For all this exuberance, Blunt was inhibited during childhood by a hereditary stutter. "It meant I didn't talk as much, so I guess I had more time to watch people and listen because I was intimidated by talking." The key to overcoming it arrived in the shape of acting. "I found it more helpful to speak in different accents when I did class plays because I didn't feel I was playing myself. I could disconnect from the fact that I, Emily, had a stutter. Now you can't shut me up."

Blunt has a pleasing appetite for oddity that should prevent her getting trapped on the studio treadmill. In her 2004 film debut, My Summer of Love, she and her co-star Nathalie Press created a study in teenage infatuation that was raw and intoxicating. Her mainstream breakthrough, The Devil Wears Prada, was a deeply conventional comedy that nevertheless provided an unbeatable example of her governing intelligence. All she had to do was play the claws-out PA to Meryl Streep's ice-queen editor. Pantomime stuff. Except that Blunt reasoned it would be more interesting to locate the character's inner pussycat: "I could've played her bitchier, but I thought there was something desperate about her. I felt sorry for her. And bitchy gets boring."

She underplayed winningly in Sunshine Cleaning, as a dope-smoking drop-out who helps her sister tidy up crime scenes.
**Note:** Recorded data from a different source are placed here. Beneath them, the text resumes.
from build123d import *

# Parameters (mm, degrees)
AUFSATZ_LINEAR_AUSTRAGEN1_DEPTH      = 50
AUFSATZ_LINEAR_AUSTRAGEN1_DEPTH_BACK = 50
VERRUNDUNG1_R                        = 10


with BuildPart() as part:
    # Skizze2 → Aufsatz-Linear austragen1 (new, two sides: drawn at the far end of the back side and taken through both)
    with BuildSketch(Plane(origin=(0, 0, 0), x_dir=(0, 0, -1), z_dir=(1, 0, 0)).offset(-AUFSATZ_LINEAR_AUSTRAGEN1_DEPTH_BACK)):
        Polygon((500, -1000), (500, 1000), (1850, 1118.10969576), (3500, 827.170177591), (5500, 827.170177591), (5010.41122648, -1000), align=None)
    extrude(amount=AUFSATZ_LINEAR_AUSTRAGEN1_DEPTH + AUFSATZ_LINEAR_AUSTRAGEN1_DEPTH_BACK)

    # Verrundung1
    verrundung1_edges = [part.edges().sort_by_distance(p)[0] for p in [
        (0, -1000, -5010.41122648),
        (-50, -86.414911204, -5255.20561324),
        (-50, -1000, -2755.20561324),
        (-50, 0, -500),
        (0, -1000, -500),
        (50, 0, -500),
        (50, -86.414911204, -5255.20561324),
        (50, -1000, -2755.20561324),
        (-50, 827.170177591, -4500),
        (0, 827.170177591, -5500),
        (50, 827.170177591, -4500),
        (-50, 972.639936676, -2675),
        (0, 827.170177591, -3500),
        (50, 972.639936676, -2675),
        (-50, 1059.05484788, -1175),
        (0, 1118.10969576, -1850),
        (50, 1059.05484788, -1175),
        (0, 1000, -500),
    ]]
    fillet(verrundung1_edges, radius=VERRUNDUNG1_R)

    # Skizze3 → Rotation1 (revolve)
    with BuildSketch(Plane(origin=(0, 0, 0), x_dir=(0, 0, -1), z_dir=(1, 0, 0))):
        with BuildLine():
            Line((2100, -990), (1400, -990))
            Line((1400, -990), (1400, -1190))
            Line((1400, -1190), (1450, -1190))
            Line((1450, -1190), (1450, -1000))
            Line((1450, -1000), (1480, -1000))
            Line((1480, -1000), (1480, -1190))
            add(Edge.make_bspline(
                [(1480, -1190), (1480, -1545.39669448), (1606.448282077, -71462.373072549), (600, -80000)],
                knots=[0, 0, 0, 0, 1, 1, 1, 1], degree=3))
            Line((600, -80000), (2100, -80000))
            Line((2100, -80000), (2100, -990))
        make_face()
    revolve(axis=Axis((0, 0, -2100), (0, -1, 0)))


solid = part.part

Even a foray into heritage cinema, The Young Victoria, was unorthodox, directed by a Canadian (Jean-Marc Vallée) who played music by Sigur Rós and the Rolling Stones on set to get his cast in the mood; Blunt gave an aching performance as the future queen, capturing a discontentment free of anachronism. She recently finished shooting The Adjustment Bureau with Matt Damon, a thriller adapted from a Philip K Dick story, as well as a remake of the spiky French comedy Wild Target, which reunites her with Bill Nighy (with whom Blunt worked on Gideon's Daughter, the BBC film that won her a Golden Globe). These are not the choices of a woman with a one-way ticket to blockbusterland.

For all that, she is not precious about her craft. In the middle of explaining how she approaches a role, she pulls herself up short. "Oh, I always feel so wanky talking about the process," she hisses. "It's like, 'Get a real job.'" But cinema is amazing, I point out, suddenly finding myself in the incongruous position of reassuring an award-winning, high-earning film star that her job is worth doing.

"Yeah, I agree," she says. "A movie can change your life. I used to be very British about it all: 'This is a lot of silliness, I should be doing something worthwhile.' Then this woman came up to me and said, 'I have to tell you, I had the worst day. My husband divorced me, my kid got expelled from school. Then I watched The Devil Wears Prada and I laughed my arse off!' And I thought how marvellous it was that a simple comedy could have that effect on someone."